Before the sandwichAfter the sandwich

vg = vargram(data='path/to/<analysis.csv>')
vg.save('<my_vargram_data>.csv') # Ignored
vg.profile()
vg.show()

vg = vargram(data='path/to/<analysis.csv>')
vg.profile()
vg.show()
vg.key('<my_key>.csv') # Ignored

You can make more than one PAT sandwich:

Same instanceDifferent instances

vg = vargram(data='path/to/<analysis.csv>')

# PAT sandwich no. 1
vg.profile()
vg.aes(stack_color=['red', 'blue']) 
vg.show()
vg.save()
vg.key('<my_key>.csv') # Ignored, not inside a PAT sandwich

# PAT sandwich no. 2
vg.profile()
vg.aes(stack_color=['orange', 'blue']) 
vg.show()
vg.save()

vg1 = vargram(data='path/to/<first_analysis.csv>')
# PAT sandwich no. 1
vg1.profile()
vg1.aes(stack_title='Collecting Institution')
vg1.show()

vg2 = vargram(data='path/to/<second_analysis.csv>')
vg2.profile(threshold=20) # Ignored, only one plot method per sandwich--the latest plot method called before the first terminal method
# PAT sandwich no. 2
vg2.profile()
vg2.key('<my_key>.csv')
vg2.show()

Why is it like this?

Internally, the plot and aesthetic methods only capture their respective inputs and do nothing else. The terminal methods capture their respective inputs, trigger VARGRAM to process the data, and produce their respective outputs.

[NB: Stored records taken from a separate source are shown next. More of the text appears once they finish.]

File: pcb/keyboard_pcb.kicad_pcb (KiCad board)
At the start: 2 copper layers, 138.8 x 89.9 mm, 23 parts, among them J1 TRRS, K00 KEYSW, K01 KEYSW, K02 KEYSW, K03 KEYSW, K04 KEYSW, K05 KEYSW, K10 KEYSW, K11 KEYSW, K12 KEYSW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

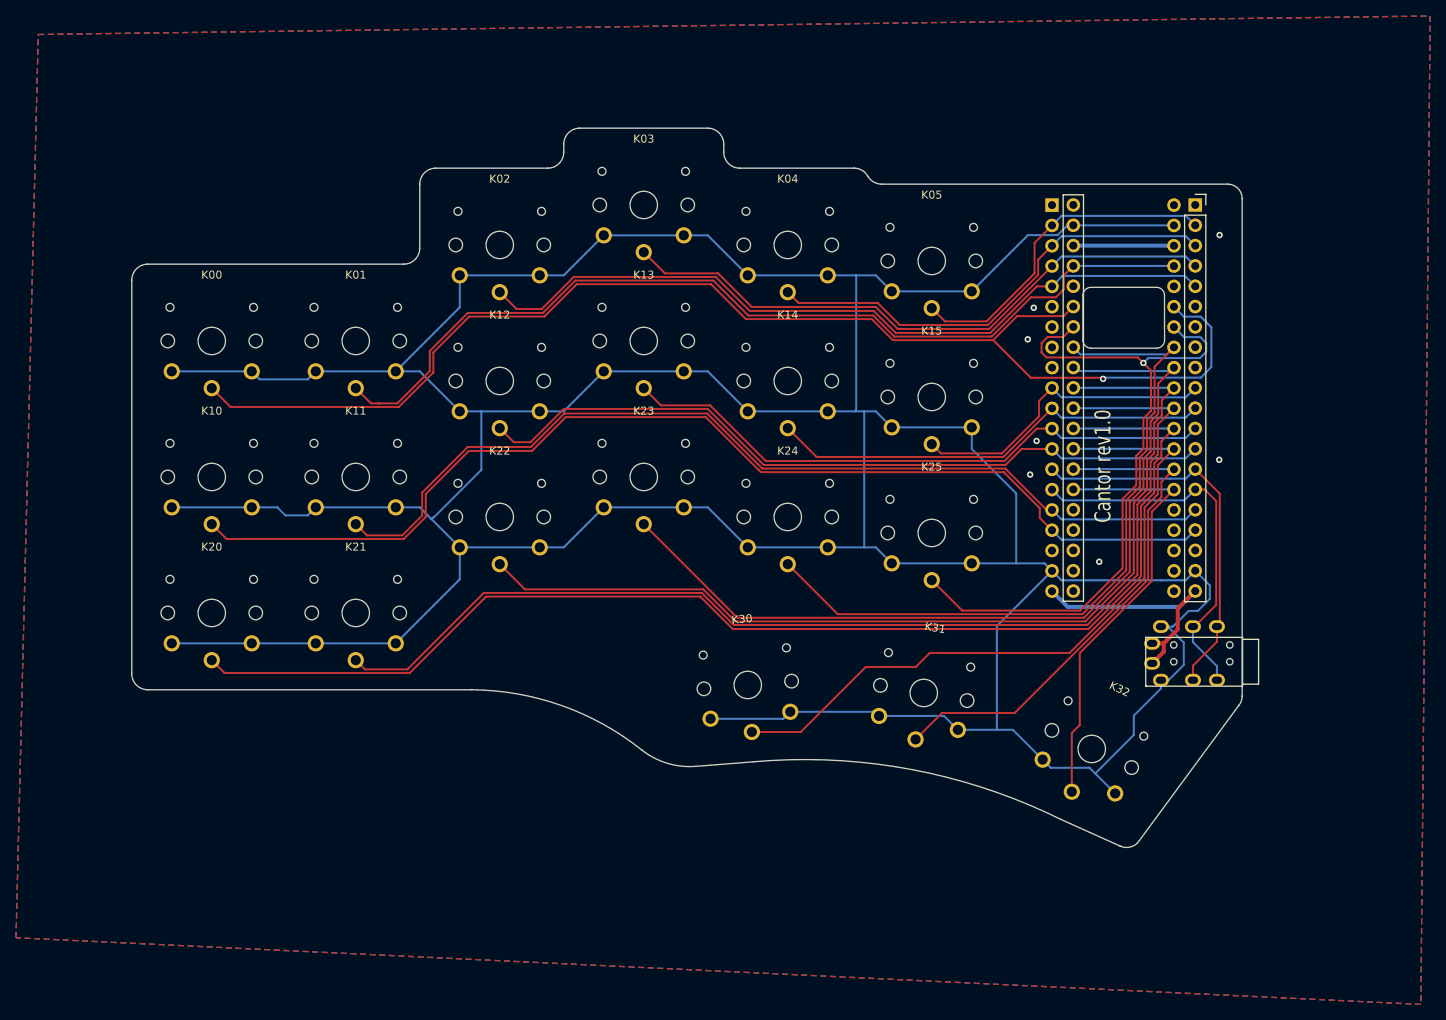
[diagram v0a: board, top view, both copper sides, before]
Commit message: Mod to 36 keys and add silkscreen
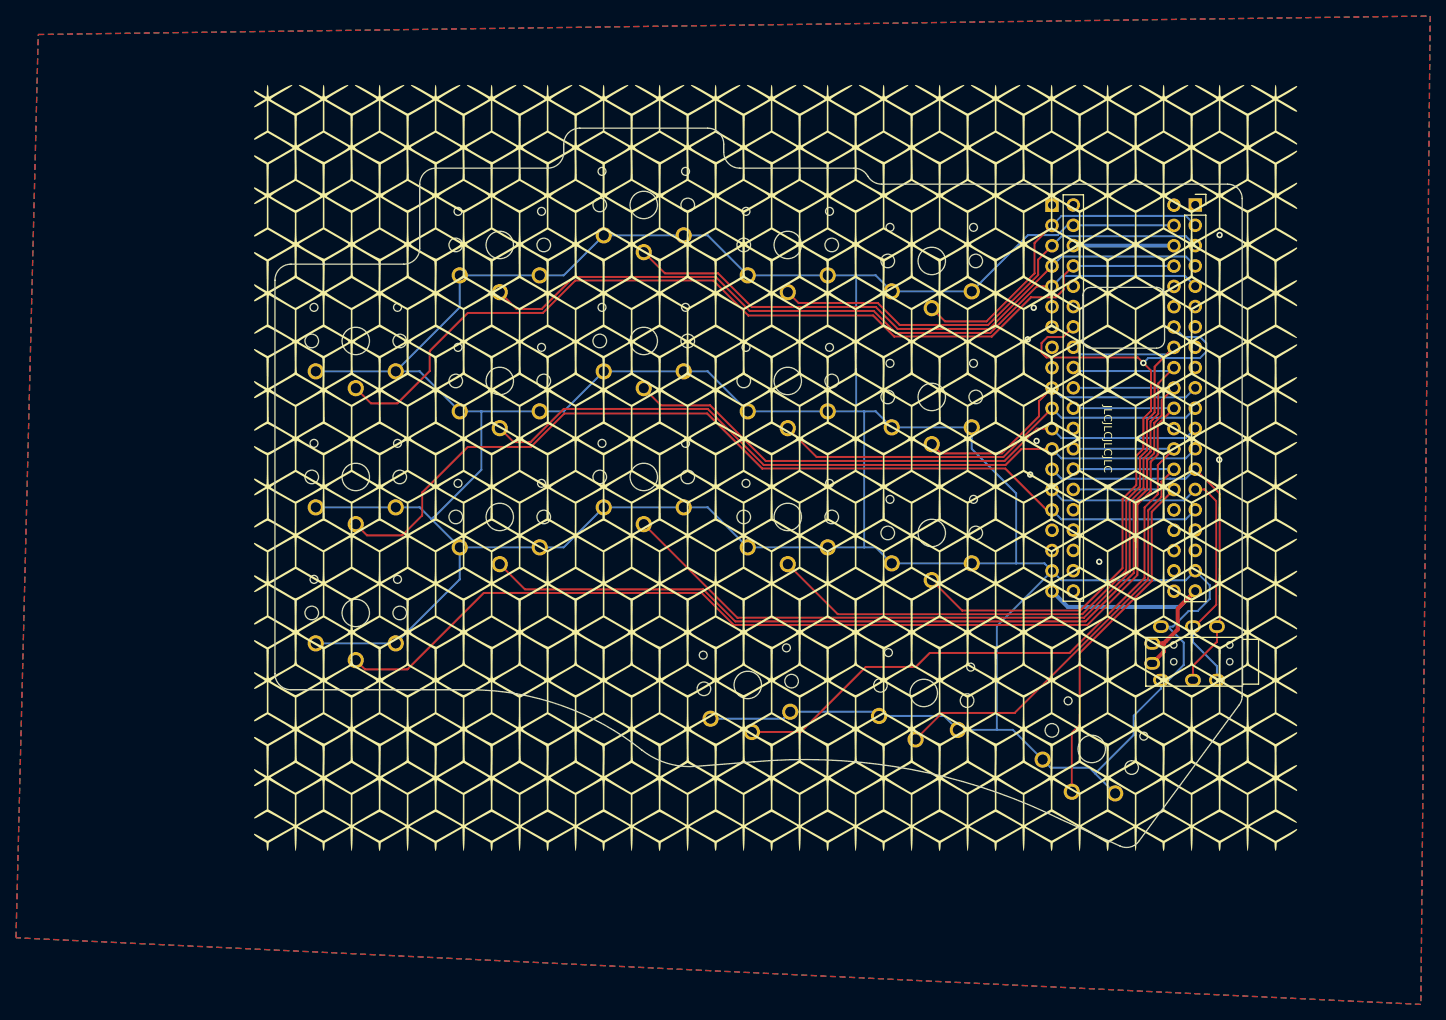
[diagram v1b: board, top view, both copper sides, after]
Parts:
- removed K00, K10, K20: KEYSW, keyswitches:SW_PG1350_reversible
- added G***: LOGO, Footprints:iso_cubes, F.Cu at (144.8, 86.0)
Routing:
- net /k00: track 161.7 -> 0.00 mm, vias 1 -> 0
- net /k20: track 157.9 -> 0.03 mm
- net /k10: track 139.2 -> 0.00 mm
- net GND: track 586.2 -> 530.6 mm
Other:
- board size 138.8 x 89.9 mm -> 120.9 x 89.9 mm
- board text added: "JLCJLCJLCJLC"
- board text removed: "Cantor"
- board text removed: "Cantor rev1.0"

The first terminal method called in the sandwich notes the latest plot method before it and all other aesthetic methods (if there are any) inside the sandwich. Then, the data is processed accordingly. This is why all other methods outside the sandwich are ignored. Once the data is processed, all the respective outputs (e.g. generated figure, saved data, etc.) of the terminal methods in the sandwich are produced.